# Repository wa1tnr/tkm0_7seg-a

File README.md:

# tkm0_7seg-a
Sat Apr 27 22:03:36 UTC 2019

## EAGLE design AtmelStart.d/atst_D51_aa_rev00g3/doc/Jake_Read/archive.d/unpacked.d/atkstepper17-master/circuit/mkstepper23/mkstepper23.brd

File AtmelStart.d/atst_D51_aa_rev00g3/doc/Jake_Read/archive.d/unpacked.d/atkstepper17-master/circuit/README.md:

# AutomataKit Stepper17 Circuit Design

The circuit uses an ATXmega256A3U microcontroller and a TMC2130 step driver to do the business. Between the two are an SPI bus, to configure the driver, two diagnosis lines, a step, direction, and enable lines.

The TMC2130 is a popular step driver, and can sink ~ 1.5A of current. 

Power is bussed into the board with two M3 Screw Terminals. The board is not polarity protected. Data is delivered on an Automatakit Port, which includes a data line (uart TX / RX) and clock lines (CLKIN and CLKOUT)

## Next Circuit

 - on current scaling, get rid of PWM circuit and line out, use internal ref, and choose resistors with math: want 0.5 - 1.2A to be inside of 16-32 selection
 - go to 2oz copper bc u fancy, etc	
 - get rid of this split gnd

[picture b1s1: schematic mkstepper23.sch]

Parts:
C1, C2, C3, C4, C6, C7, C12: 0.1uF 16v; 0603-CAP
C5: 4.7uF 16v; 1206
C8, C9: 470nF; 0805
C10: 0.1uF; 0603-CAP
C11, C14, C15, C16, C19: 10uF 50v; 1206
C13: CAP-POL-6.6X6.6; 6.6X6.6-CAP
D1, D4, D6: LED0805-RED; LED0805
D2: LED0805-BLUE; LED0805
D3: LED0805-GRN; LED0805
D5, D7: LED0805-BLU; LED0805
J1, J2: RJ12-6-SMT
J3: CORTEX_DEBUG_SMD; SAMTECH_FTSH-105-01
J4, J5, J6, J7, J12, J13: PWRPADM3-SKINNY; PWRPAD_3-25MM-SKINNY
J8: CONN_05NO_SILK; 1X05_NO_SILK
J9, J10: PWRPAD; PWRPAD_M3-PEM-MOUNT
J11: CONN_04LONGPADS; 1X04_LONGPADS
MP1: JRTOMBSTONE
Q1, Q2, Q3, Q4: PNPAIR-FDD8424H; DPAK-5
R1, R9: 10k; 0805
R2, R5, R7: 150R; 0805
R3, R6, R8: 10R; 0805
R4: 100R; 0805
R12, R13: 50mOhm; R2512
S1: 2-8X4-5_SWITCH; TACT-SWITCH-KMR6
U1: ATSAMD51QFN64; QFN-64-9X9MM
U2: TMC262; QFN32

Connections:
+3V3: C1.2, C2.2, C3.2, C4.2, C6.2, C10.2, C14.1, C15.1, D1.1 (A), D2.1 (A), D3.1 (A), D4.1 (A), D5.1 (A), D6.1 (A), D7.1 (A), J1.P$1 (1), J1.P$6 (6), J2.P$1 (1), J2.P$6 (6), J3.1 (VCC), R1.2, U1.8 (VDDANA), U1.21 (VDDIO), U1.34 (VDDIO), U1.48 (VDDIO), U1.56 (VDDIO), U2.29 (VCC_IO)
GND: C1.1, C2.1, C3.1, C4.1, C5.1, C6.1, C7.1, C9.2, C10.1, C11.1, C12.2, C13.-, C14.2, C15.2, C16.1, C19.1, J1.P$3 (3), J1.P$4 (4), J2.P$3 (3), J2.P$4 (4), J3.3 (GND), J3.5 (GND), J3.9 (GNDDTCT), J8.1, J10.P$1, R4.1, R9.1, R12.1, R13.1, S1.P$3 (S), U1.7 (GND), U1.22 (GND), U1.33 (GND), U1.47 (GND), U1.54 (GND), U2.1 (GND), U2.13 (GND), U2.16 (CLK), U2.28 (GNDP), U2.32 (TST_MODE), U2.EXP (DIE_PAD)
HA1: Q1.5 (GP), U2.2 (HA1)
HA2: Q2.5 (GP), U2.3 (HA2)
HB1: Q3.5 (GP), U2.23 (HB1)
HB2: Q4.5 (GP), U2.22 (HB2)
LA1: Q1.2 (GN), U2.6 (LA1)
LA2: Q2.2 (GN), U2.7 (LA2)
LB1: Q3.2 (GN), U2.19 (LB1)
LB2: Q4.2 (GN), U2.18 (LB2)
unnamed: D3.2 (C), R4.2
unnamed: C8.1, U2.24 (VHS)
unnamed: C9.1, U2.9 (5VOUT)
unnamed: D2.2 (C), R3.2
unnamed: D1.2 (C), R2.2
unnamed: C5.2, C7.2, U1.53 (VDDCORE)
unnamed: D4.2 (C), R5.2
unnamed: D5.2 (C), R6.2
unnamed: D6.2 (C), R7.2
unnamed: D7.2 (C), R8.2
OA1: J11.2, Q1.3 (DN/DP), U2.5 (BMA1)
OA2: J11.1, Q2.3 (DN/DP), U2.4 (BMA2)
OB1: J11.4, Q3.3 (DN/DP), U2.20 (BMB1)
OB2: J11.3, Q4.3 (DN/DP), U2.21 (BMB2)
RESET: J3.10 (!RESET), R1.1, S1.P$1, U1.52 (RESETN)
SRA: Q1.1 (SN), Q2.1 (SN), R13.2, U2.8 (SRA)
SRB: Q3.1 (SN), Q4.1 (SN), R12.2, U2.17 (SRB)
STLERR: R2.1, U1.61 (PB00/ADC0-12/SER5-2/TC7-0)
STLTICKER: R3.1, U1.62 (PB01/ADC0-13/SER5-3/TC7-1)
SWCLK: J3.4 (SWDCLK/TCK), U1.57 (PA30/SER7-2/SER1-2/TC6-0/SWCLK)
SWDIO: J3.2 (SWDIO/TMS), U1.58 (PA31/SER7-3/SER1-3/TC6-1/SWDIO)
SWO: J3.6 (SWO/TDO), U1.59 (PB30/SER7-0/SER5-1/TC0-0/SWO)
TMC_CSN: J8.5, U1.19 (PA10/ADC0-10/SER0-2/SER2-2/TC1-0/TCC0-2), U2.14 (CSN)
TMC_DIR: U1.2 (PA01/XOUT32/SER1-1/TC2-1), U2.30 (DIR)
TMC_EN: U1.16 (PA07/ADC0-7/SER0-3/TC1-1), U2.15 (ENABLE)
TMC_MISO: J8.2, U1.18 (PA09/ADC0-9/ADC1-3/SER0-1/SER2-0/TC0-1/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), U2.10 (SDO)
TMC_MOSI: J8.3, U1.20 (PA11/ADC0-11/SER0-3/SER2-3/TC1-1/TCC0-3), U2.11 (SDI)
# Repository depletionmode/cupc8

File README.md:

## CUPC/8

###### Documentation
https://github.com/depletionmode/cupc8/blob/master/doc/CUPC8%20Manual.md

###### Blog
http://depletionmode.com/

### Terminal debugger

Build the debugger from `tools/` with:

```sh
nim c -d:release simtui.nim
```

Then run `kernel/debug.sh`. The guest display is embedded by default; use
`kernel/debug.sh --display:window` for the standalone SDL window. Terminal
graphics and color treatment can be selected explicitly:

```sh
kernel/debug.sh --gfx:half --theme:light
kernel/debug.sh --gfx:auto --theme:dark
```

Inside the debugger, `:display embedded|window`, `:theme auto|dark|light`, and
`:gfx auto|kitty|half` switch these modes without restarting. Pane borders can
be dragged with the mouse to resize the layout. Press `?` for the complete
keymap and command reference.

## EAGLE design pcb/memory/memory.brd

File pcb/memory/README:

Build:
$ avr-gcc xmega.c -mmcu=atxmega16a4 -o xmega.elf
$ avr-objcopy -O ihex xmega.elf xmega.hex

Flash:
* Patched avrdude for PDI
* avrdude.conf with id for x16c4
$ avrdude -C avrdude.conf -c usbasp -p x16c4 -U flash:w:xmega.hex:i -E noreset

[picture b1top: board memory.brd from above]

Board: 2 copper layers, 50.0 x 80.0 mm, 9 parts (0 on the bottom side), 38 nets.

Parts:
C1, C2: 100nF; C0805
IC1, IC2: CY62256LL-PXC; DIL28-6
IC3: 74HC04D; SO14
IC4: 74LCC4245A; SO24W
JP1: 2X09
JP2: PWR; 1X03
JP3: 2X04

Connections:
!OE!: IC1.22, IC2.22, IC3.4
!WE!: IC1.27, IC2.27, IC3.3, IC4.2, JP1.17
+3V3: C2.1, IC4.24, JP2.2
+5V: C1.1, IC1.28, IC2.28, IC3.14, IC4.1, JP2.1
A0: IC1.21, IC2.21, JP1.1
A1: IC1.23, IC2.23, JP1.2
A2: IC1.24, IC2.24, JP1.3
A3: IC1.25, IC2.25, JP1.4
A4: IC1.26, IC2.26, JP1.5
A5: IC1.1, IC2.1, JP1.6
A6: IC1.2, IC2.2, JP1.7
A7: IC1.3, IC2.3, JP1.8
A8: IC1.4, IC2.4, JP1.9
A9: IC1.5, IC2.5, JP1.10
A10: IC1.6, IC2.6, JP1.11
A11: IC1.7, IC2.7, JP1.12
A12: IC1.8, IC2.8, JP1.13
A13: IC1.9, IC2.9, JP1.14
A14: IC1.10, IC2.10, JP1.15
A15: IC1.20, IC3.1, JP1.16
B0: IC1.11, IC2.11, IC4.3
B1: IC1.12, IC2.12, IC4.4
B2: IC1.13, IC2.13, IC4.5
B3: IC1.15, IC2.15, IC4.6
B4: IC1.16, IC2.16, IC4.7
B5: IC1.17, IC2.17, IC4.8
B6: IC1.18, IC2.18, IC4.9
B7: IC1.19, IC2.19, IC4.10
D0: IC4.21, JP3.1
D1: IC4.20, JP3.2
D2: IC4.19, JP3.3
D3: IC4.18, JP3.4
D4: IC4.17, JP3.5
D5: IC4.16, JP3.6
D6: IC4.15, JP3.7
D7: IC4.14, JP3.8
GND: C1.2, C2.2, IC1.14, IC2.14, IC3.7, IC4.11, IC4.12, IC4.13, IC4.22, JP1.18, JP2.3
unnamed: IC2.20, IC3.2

* * * * * * * * *

§ What the task requires: All lines above from the one containing "(VDDIO), U2.29 (VCC_IO)" to the one containing "TMC_CSN: J8.5, U1.19" must be repeated exactly, both lines included, and no others.

§ Result of the exercise:
+3V3: C1.2, C2.2, C3.2, C4.2, C6.2, C10.2, C14.1, C15.1, D1.1 (A), D2.1 (A), D3.1 (A), D4.1 (A), D5.1 (A), D6.1 (A), D7.1 (A), J1.P$1 (1), J1.P$6 (6), J2.P$1 (1), J2.P$6 (6), J3.1 (VCC), R1.2, U1.8 (VDDANA), U1.21 (VDDIO), U1.34 (VDDIO), U1.48 (VDDIO), U1.56 (VDDIO), U2.29 (VCC_IO)
GND: C1.1, C2.1, C3.1, C4.1, C5.1, C6.1, C7.1, C9.2, C10.1, C11.1, C12.2, C13.-, C14.2, C15.2, C16.1, C19.1, J1.P$3 (3), J1.P$4 (4), J2.P$3 (3), J2.P$4 (4), J3.3 (GND), J3.5 (GND), J3.9 (GNDDTCT), J8.1, J10.P$1, R4.1, R9.1, R12.1, R13.1, S1.P$3 (S), U1.7 (GND), U1.22 (GND), U1.33 (GND), U1.47 (GND), U1.54 (GND), U2.1 (GND), U2.13 (GND), U2.16 (CLK), U2.28 (GNDP), U2.32 (TST_MODE), U2.EXP (DIE_PAD)
HA1: Q1.5 (GP), U2.2 (HA1)
HA2: Q2.5 (GP), U2.3 (HA2)
HB1: Q3.5 (GP), U2.23 (HB1)
HB2: Q4.5 (GP), U2.22 (HB2)
LA1: Q1.2 (GN), U2.6 (LA1)
LA2: Q2.2 (GN), U2.7 (LA2)
LB1: Q3.2 (GN), U2.19 (LB1)
LB2: Q4.2 (GN), U2.18 (LB2)
unnamed: D3.2 (C), R4.2
unnamed: C8.1, U2.24 (VHS)
unnamed: C9.1, U2.9 (5VOUT)
unnamed: D2.2 (C), R3.2
unnamed: D1.2 (C), R2.2
unnamed: C5.2, C7.2, U1.53 (VDDCORE)
unnamed: D4.2 (C), R5.2
unnamed: D5.2 (C), R6.2
unnamed: D6.2 (C), R7.2
unnamed: D7.2 (C), R8.2
OA1: J11.2, Q1.3 (DN/DP), U2.5 (BMA1)
OA2: J11.1, Q2.3 (DN/DP), U2.4 (BMA2)
OB1: J11.4, Q3.3 (DN/DP), U2.20 (BMB1)
OB2: J11.3, Q4.3 (DN/DP), U2.21 (BMB2)
RESET: J3.10 (!RESET), R1.1, S1.P$1, U1.52 (RESETN)
SRA: Q1.1 (SN), Q2.1 (SN), R13.2, U2.8 (SRA)
SRB: Q3.1 (SN), Q4.1 (SN), R12.2, U2.17 (SRB)
STLERR: R2.1, U1.61 (PB00/ADC0-12/SER5-2/TC7-0)
STLTICKER: R3.1, U1.62 (PB01/ADC0-13/SER5-3/TC7-1)
SWCLK: J3.4 (SWDCLK/TCK), U1.57 (PA30/SER7-2/SER1-2/TC6-0/SWCLK)
SWDIO: J3.2 (SWDIO/TMS), U1.58 (PA31/SER7-3/SER1-3/TC6-1/SWDIO)
SWO: J3.6 (SWO/TDO), U1.59 (PB30/SER7-0/SER5-1/TC0-0/SWO)
TMC_CSN: J8.5, U1.19 (PA10/ADC0-10/SER0-2/SER2-2/TC1-0/TCC0-2), U2.14 (CSN)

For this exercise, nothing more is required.